DZIEWCZYNKI PAMIETAJCIE O SWOIM POSIEWIE POD KONIEC CIAZY !!!!!!
No i pochwale Wam sie kochane :-) wczoraj kupilismy caly komplecik do lozeczka :-) jechalismy tylko po nowy materacyk a wyszlismy z zestawikiem dla naszej malej krolewny:-) fakt ze narazie podusia i kolderka nie beda potrzebne ile juz mamy z glowy.
kurcze wisienka i maqnio w szpitalu , we wtorek ja... zaczyna sie
wyczekany ja tez mam takie bole w pachwinach, w nocy przez to mam problem odwrocic sie na drugi bok tak ciagnie.

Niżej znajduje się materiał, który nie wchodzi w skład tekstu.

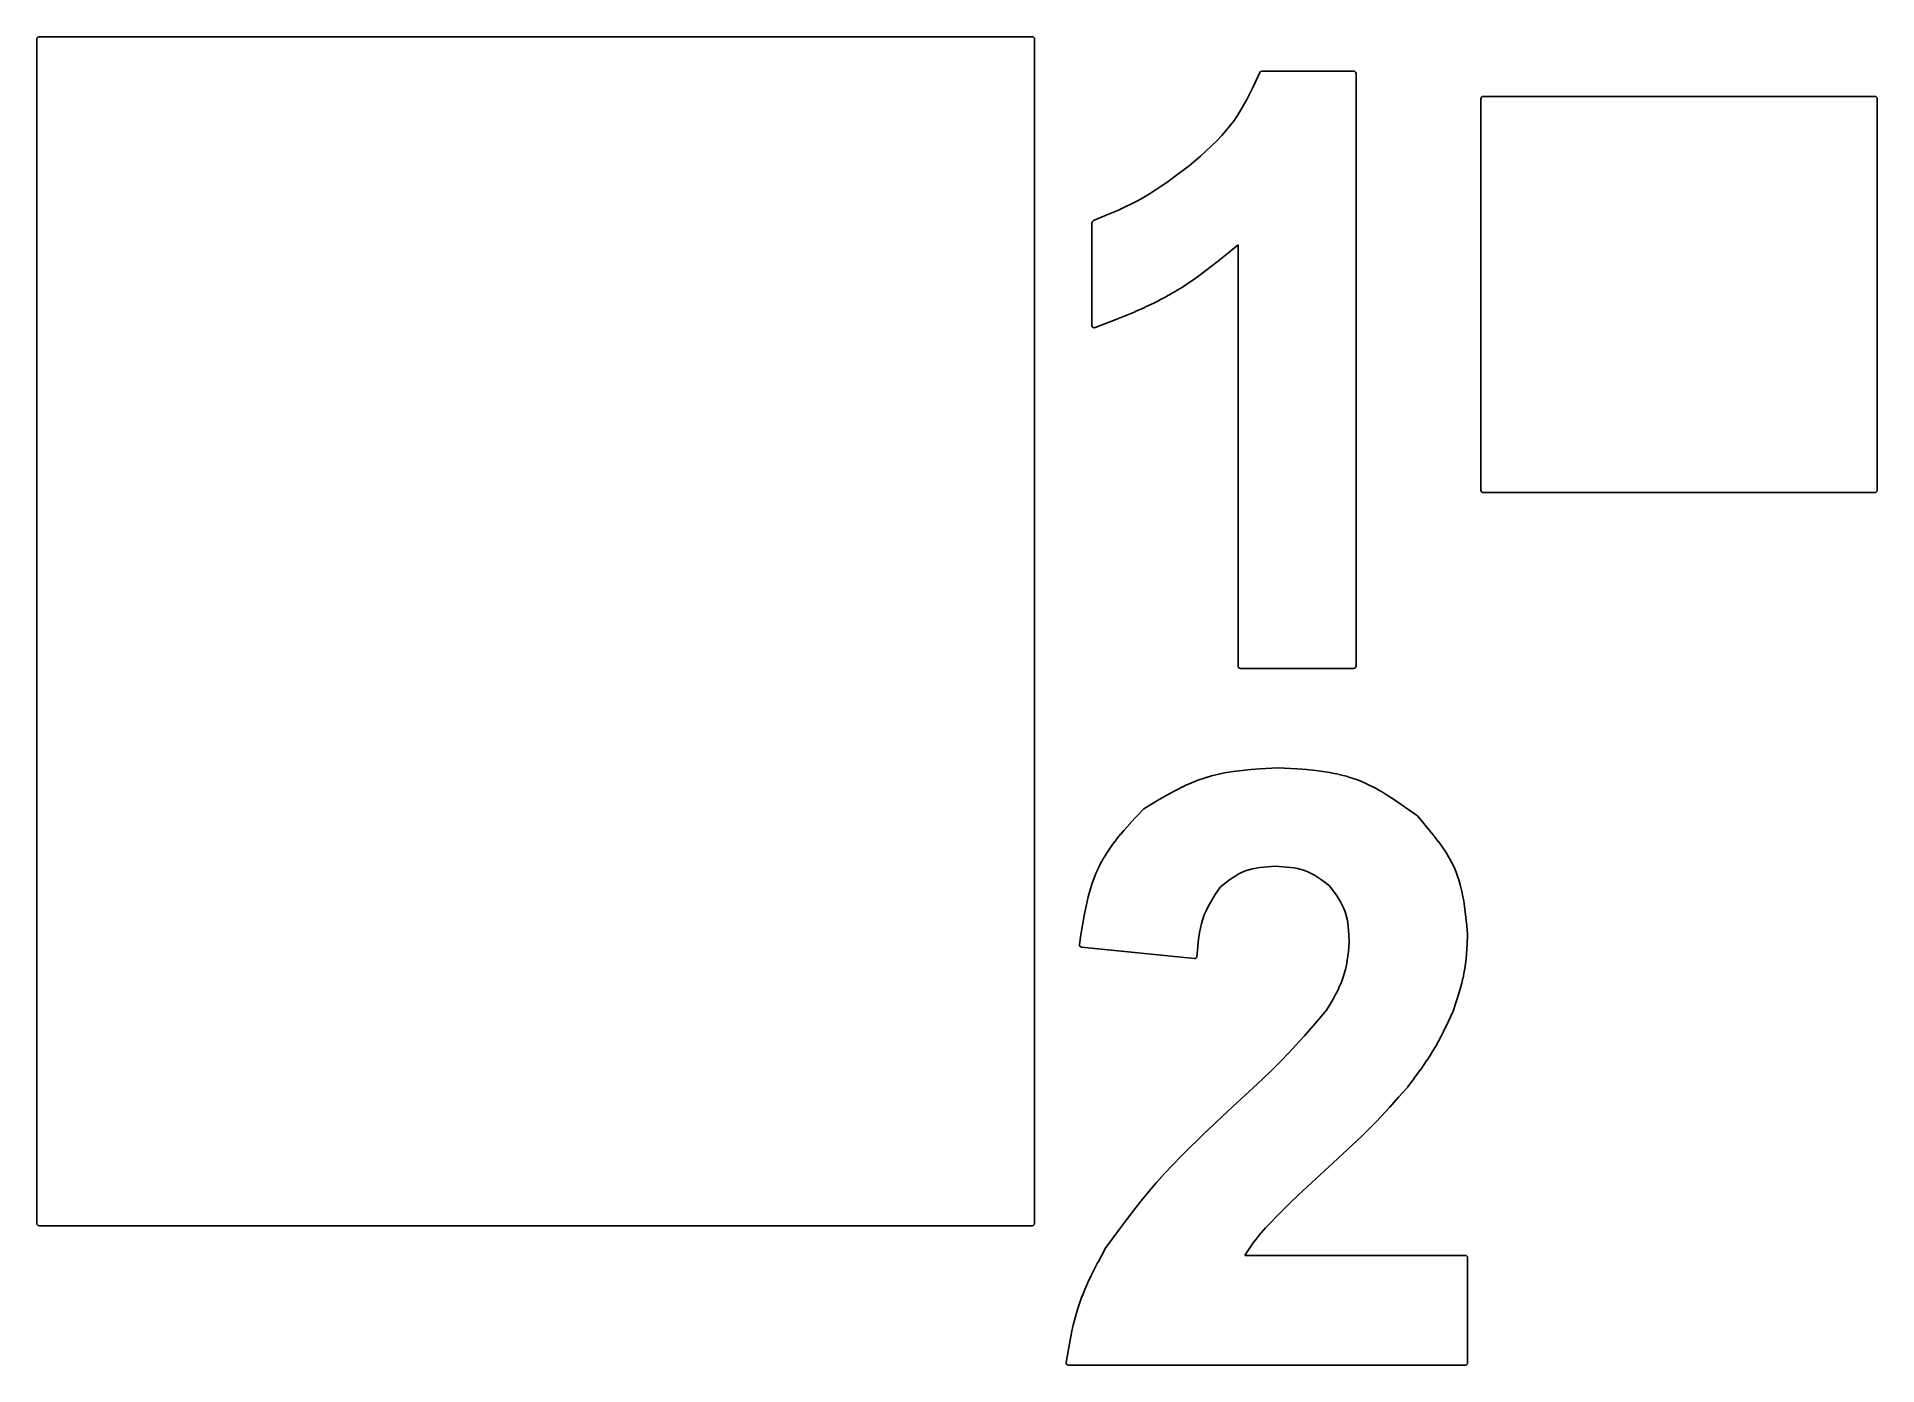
# Model space of a CAD drawing. Extents: x -144 to 91, y -74 to 96.
import ezdxf

# ---------------------------------------------------------------- set-up
doc = ezdxf.new("R2010")
doc.units = 0

msp = doc.modelspace()

# ---------------------------------------------------------------- linework, layer by layer
at = {"layer": '1', "color": 1}
for p, q in [((-143.7, -55.606), (-143.7, 95.606)), ((-143.7, -55.606), (-143.7, 95.606)), ((-143.4, 95.907), (-16.6, 95.907)), ((-143.4, 95.907), (-16.6, 95.907)), ((-16.3, 95.606), (-16.3, 44.16)), ((-16.3, 95.606), (-16.3, -13.394)), ((11.225, 88.755), (11.642, 89.616)), ((11.225, 88.755), (11.642, 89.616)), ((11.642, 89.616), (12.453, 91.363)), ((11.642, 89.616), (12.453, 91.363)), ((12.725, 91.537), (24.449, 91.537)), ((12.725, 91.537), (24.449, 91.537)), ((24.749, 91.237), (24.749, 15.545)), ((24.749, 91.237), (24.749, 15.545)), ((9.861, 86.271), (10.34, 87.08)), ((9.861, 86.271), (10.34, 87.08)), ((10.34, 87.08), (10.792, 87.909)), ((10.34, 87.08), (10.792, 87.909)), ((10.792, 87.909), (11.225, 88.755)), ((10.792, 87.909), (11.225, 88.755)), ((40.7, 38), (40.7, 88)), ((41, 88.3), (91, 88.3)), ((91.3, 88), (91.3, 38)), ((8.524, 84.371), (8.81, 84.737)), ((8.524, 84.371), (8.81, 84.737)), ((8.81, 84.737), (9.087, 85.11)), ((8.81, 84.737), (9.087, 85.11)), ((9.087, 85.11), (9.354, 85.49)), ((9.087, 85.11), (9.354, 85.49)), ((9.354, 85.49), (9.612, 85.878)), ((9.354, 85.49), (9.612, 85.878)), ((9.612, 85.878), (9.861, 86.271)), ((9.612, 85.878), (9.861, 86.271)), ((6.287, 81.965), (6.961, 82.629)), ((6.287, 81.965), (6.961, 82.629)), ((6.961, 82.629), (7.611, 83.311)), ((6.961, 82.629), (7.611, 83.311)), ((7.611, 83.311), (7.923, 83.658)), ((7.611, 83.311), (7.923, 83.658)), ((7.923, 83.658), (8.228, 84.012)), ((7.923, 83.658), (8.228, 84.012)), ((8.228, 84.012), (8.524, 84.371)), ((8.228, 84.012), (8.524, 84.371)), ((3.435, 79.412), (4.88, 80.673)), ((3.435, 79.412), (4.88, 80.673)), ((4.88, 80.673), (5.591, 81.314)), ((4.88, 80.673), (5.591, 81.314)), ((5.591, 81.314), (6.287, 81.965)), ((5.591, 81.314), (6.287, 81.965)), ((0.576, 77.316), (2.016, 78.355)), ((0.576, 77.316), (2.016, 78.355)), ((2.016, 78.355), (3.435, 79.412)), ((2.016, 78.355), (3.435, 79.412)), ((-3.141, 74.977), (-2.377, 75.404)), ((-3.141, 74.977), (-2.377, 75.404)), ((-2.377, 75.404), (-1.625, 75.855)), ((-2.377, 75.404), (-1.625, 75.855)), ((-1.625, 75.855), (-0.883, 76.325)), ((-1.625, 75.855), (-0.883, 76.325)), ((-0.883, 76.325), (-0.149, 76.814)), ((-0.883, 76.325), (-0.149, 76.814)), ((-0.149, 76.814), (0.576, 77.316)), ((-0.149, 76.814), (0.576, 77.316)), ((-8.78, 72.437), (-7.134, 73.115)), ((-8.78, 72.437), (-7.134, 73.115)), ((-7.134, 73.115), (-6.318, 73.462)), ((-7.134, 73.115), (-6.318, 73.462)), ((-6.318, 73.462), (-5.509, 73.818)), ((-6.318, 73.462), (-5.509, 73.818)), ((-5.509, 73.818), (-4.708, 74.187)), ((-5.509, 73.818), (-4.708, 74.187)), ((-4.708, 74.187), (-3.919, 74.572)), ((-4.708, 74.187), (-3.919, 74.572)), ((-3.919, 74.572), (-3.141, 74.977)), ((-3.919, 74.572), (-3.141, 74.977)), ((-8.966, 60.047), (-8.966, 72.16)), ((-8.966, 59.047), (-8.966, 72.16)), ((9.7, 69.362), (8.08, 68.022)), ((9.7, 69.362), (8.08, 68.022)), ((9.7, 15.545), (9.7, 69.362)), ((9.7, 15.545), (9.7, 69.362)), ((5.929, 66.315), (4.84, 65.499)), ((5.929, 66.315), (4.84, 65.499)), ((5.934, 66.318), (5.929, 66.315)), ((5.934, 66.318), (5.929, 66.315)), ((7.009, 67.159), (5.934, 66.318)), ((7.009, 67.159), (5.934, 66.318)), ((7.013, 67.161), (7.009, 67.159)), ((7.013, 67.161), (7.009, 67.159)), ((8.077, 68.02), (7.013, 67.161)), ((8.077, 68.02), (7.013, 67.161)), ((8.08, 68.022), (8.077, 68.02)), ((8.08, 68.022), (8.077, 68.02)), ((2.005, 63.589), (1.424, 63.241)), ((2.005, 63.589), (1.424, 63.241)), ((2.01, 63.592), (2.005, 63.589)), ((2.01, 63.592), (2.005, 63.589)), ((2.583, 63.951), (2.01, 63.592)), ((2.583, 63.951), (2.01, 63.592)), ((2.588, 63.954), (2.583, 63.951)), ((2.588, 63.954), (2.583, 63.951)), ((3.155, 64.323), (2.588, 63.954)), ((3.155, 64.323), (2.588, 63.954)), ((3.159, 64.326), (3.155, 64.323)), ((3.159, 64.326), (3.155, 64.323)), ((3.721, 64.705), (3.159, 64.326)), ((3.721, 64.705), (3.159, 64.326)), ((3.726, 64.709), (3.721, 64.705)), ((3.726, 64.709), (3.721, 64.705)), ((4.834, 65.495), (3.726, 64.709)), ((4.834, 65.495), (3.726, 64.709)), ((4.84, 65.499), (4.834, 65.495)), ((4.84, 65.499), (4.834, 65.495)), ((-2.22, 61.362), (-3.464, 60.809)), ((-2.22, 61.362), (-3.464, 60.809)), ((-2.213, 61.365), (-2.22, 61.362)), ((-2.213, 61.365), (-2.22, 61.362)), ((-0.987, 61.948), (-2.213, 61.365)), ((-0.987, 61.948), (-2.213, 61.365)), ((-0.981, 61.951), (-0.987, 61.948)), ((-0.981, 61.951), (-0.987, 61.948)), ((-0.375, 62.256), (-0.981, 61.951)), ((-0.375, 62.256), (-0.981, 61.951)), ((-0.371, 62.258), (-0.375, 62.256)), ((-0.371, 62.258), (-0.375, 62.256)), ((0.229, 62.572), (-0.371, 62.258)), ((0.229, 62.572), (-0.371, 62.258)), ((0.233, 62.575), (0.229, 62.572)), ((0.233, 62.575), (0.229, 62.572)), ((0.827, 62.9), (0.233, 62.575)), ((0.827, 62.9), (0.233, 62.575)), ((0.832, 62.902), (0.827, 62.9)), ((0.832, 62.902), (0.827, 62.9)), ((1.419, 63.238), (0.832, 62.902)), ((1.419, 63.238), (0.832, 62.902)), ((1.424, 63.241), (1.419, 63.238)), ((1.424, 63.241), (1.419, 63.238)), ((-8.966, 59.047), (-8.966, 60.047)), ((-6.003, 59.762), (-8.557, 58.768)), ((-6.003, 59.762), (-8.557, 58.768)), ((-6, 59.763), (-6.003, 59.762)), ((-6, 59.763), (-6.003, 59.762)), ((-4.731, 60.275), (-6, 59.763)), ((-4.731, 60.275), (-6, 59.763)), ((-4.727, 60.277), (-4.731, 60.275)), ((-4.727, 60.277), (-4.731, 60.275)), ((-3.469, 60.806), (-4.727, 60.277)), ((-3.469, 60.806), (-4.727, 60.277)), ((-3.464, 60.809), (-3.469, 60.806)), ((-3.464, 60.809), (-3.469, 60.806)), ((-16.3, 44.16), (-16.3, -55.606)), ((91, 37.7), (41, 37.7)), ((24.449, 15.245), (10, 15.245)), ((15.449, 15.245), (10, 15.245)), ((24.449, 15.245), (15.449, 15.245)), ((11.341, 2.349), (12.476, 2.436)), ((11.341, 2.349), (12.476, 2.436)), ((12.476, 2.436), (12.481, 2.436)), ((12.476, 2.436), (12.481, 2.436)), ((12.481, 2.436), (14.765, 2.57)), ((12.481, 2.436), (14.765, 2.57)), ((14.799, 2.57), (17.211, 2.434)), ((14.799, 2.57), (17.211, 2.434)), ((17.211, 2.434), (17.217, 2.433)), ((17.211, 2.434), (17.217, 2.433)), ((17.217, 2.433), (18.415, 2.341)), ((17.217, 2.433), (18.415, 2.341)), ((2.111, -0.106), (2.614, 0.143)), ((2.111, -0.106), (2.614, 0.143)), ((2.614, 0.143), (2.619, 0.146)), ((2.614, 0.143), (2.619, 0.146)), ((2.619, 0.146), (3.126, 0.383)), ((2.619, 0.146), (3.126, 0.383)), ((3.126, 0.383), (3.132, 0.386)), ((3.126, 0.383), (3.132, 0.386)), ((3.132, 0.386), (3.642, 0.611)), ((3.132, 0.386), (3.642, 0.611)), ((3.642, 0.611), (3.649, 0.614)), ((3.642, 0.611), (3.649, 0.614)), ((3.649, 0.614), (4.164, 0.827)), ((3.649, 0.614), (4.164, 0.827)), ((4.164, 0.827), (4.171, 0.83)), ((4.164, 0.827), (4.171, 0.83)), ((4.171, 0.83), (4.69, 1.028)), ((4.171, 0.83), (4.69, 1.028)), ((4.69, 1.028), (4.698, 1.031)), ((4.69, 1.028), (4.698, 1.031)), ((4.698, 1.031), (5.222, 1.213)), ((4.698, 1.031), (5.222, 1.213)), ((5.222, 1.213), (5.231, 1.216)), ((5.222, 1.213), (5.231, 1.216)), ((5.231, 1.216), (5.76, 1.383)), ((5.231, 1.216), (5.76, 1.383)), ((5.76, 1.383), (5.768, 1.385)), ((5.76, 1.383), (5.768, 1.385)), ((5.768, 1.385), (6.302, 1.536)), ((5.768, 1.385), (6.302, 1.536)), ((6.302, 1.536), (6.311, 1.538)), ((6.302, 1.536), (6.311, 1.538)), ((6.311, 1.538), (6.849, 1.674)), ((6.311, 1.538), (6.849, 1.674)), ((6.849, 1.674), (6.857, 1.676)), ((6.849, 1.674), (6.857, 1.676)), ((6.857, 1.676), (7.4, 1.797)), ((6.857, 1.676), (7.4, 1.797)), ((7.4, 1.797), (7.407, 1.799)), ((7.4, 1.797), (7.407, 1.799)), ((7.407, 1.799), (7.954, 1.908)), ((7.407, 1.799), (7.954, 1.908)), ((7.954, 1.908), (7.961, 1.909)), ((7.954, 1.908), (7.961, 1.909)), ((7.961, 1.909), (8.512, 2.006)), ((7.961, 1.909), (8.512, 2.006)), ((8.512, 2.006), (8.518, 2.007)), ((8.512, 2.006), (8.518, 2.007)), ((8.518, 2.007), (9.072, 2.092)), ((8.518, 2.007), (9.072, 2.092)), ((9.072, 2.092), (9.08, 2.093)), ((9.072, 2.092), (9.08, 2.093)), ((9.08, 2.093), (10.198, 2.236)), ((9.08, 2.093), (10.198, 2.236)), ((10.198, 2.236), (10.206, 2.237)), ((10.198, 2.236), (10.206, 2.237)), ((10.206, 2.237), (11.334, 2.348)), ((10.206, 2.237), (11.334, 2.348)), ((11.334, 2.348), (11.341, 2.349)), ((11.334, 2.348), (11.341, 2.349)), ((18.415, 2.341), (18.422, 2.341)), ((18.415, 2.341), (18.422, 2.341)), ((18.422, 2.341), (19.609, 2.221)), ((18.422, 2.341), (19.609, 2.221)), ((19.609, 2.221), (19.616, 2.22)), ((19.609, 2.221), (19.616, 2.22)), ((19.616, 2.22), (20.205, 2.146)), ((19.616, 2.22), (20.205, 2.146)), ((20.205, 2.146), (20.211, 2.145)), ((20.205, 2.146), (20.211, 2.145)), ((20.211, 2.145), (20.796, 2.061)), ((20.211, 2.145), (20.796, 2.061)), ((20.796, 2.061), (20.802, 2.06)), ((20.796, 2.061), (20.802, 2.06)), ((20.802, 2.06), (21.383, 1.964)), ((20.802, 2.06), (21.383, 1.964)), ((21.383, 1.964), (21.39, 1.963)), ((21.383, 1.964), (21.39, 1.963)), ((21.39, 1.963), (21.966, 1.854)), ((21.39, 1.963), (21.966, 1.854)), ((21.966, 1.854), (21.974, 1.853)), ((21.966, 1.854), (21.974, 1.853)), ((21.974, 1.853), (22.545, 1.73)), ((21.974, 1.853), (22.545, 1.73)), ((22.545, 1.73), (22.553, 1.728)), ((22.545, 1.73), (22.553, 1.728)), ((22.553, 1.728), (23.119, 1.59)), ((22.553, 1.728), (23.119, 1.59)), ((23.119, 1.59), (23.127, 1.588)), ((23.119, 1.59), (23.127, 1.588)), ((23.127, 1.588), (23.687, 1.433)), ((23.127, 1.588), (23.687, 1.433)), ((23.687, 1.433), (23.696, 1.43)), ((23.687, 1.433), (23.696, 1.43)), ((23.696, 1.43), (24.25, 1.258)), ((23.696, 1.43), (24.25, 1.258)), ((24.26, 1.255), (24.807, 1.064)), ((24.26, 1.255), (24.807, 1.064)), ((24.817, 1.06), (25.357, 0.849)), ((24.817, 1.06), (25.357, 0.849)), ((25.366, 0.845), (25.899, 0.616)), ((25.366, 0.845), (25.899, 0.616)), ((25.899, 0.616), (25.908, 0.612)), ((25.899, 0.616), (25.908, 0.612)), ((25.908, 0.612), (26.435, 0.365)), ((25.908, 0.612), (26.435, 0.365)), ((26.435, 0.365), (26.443, 0.361)), ((26.435, 0.365), (26.443, 0.361)), ((26.443, 0.361), (26.964, 0.098)), ((26.443, 0.361), (26.964, 0.098)), ((26.964, 0.098), (26.971, 0.094)), ((26.964, 0.098), (26.971, 0.094)), ((26.971, 0.094), (27.487, -0.184)), ((26.971, 0.094), (27.487, -0.184)), ((-2.342, -2.666), (-0.388, -1.486)), ((-2.342, -2.666), (-0.388, -1.486)), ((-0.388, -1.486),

ale glowa do gory!! pamietaj ze grunt to dobre nastawienie i pozytywne myslenie!! bedzie dobrze, nie moze byc inaczej!!
 
reklama
Wyczekany, czegoz sie kobieto znowu martwisz na zapas???? Przeciez brzuch twardy masz nie pierwszy raz, a szyjke masz piekna. Wlasciwie to juz na tym etapie powinna Ci sie skracac! Mowimy Ci, ze kazda z nas ma takie bole w nocy, bo macica jest ciezka i "zawieszenie" nie wyrabia... Dotrwalam z takim twardym brzucholem do 36 tyg, dotrwasz i Ty! A mam zamiar wytrzymac jeszcze jakies 2 tygodnie. Prosze wlaczyc wreszcie pozytywne myslenie:wściekła/y:
(i znowu na Ciebie nakrzyczalam;-))

Mama Kubka - posiew zrobiony, paciorkowiec pewnie jest (maz dzis odbierze wyniki), bo juz kiedys mi wyszedl. Jejku, trzymam kciuki zeby wszystko dobrze poszlo!!!!!!!!!!!!! We wtorek bedziemy kibicowac i Tobie i Julici. Sciskam mocno:happy:

MlodaM - jak nie donosisz??? Lez i donosisz nawet z bardzo miekka szyjka. Moja kolezanka lazila z byle jaka, rozmiekczona szyjka od 28 tygodnia, a urodzila w 37. Jak najmniej w pozycji horyzontalnej i dacie rade, zobaczysz! Dali Ci jakies leki?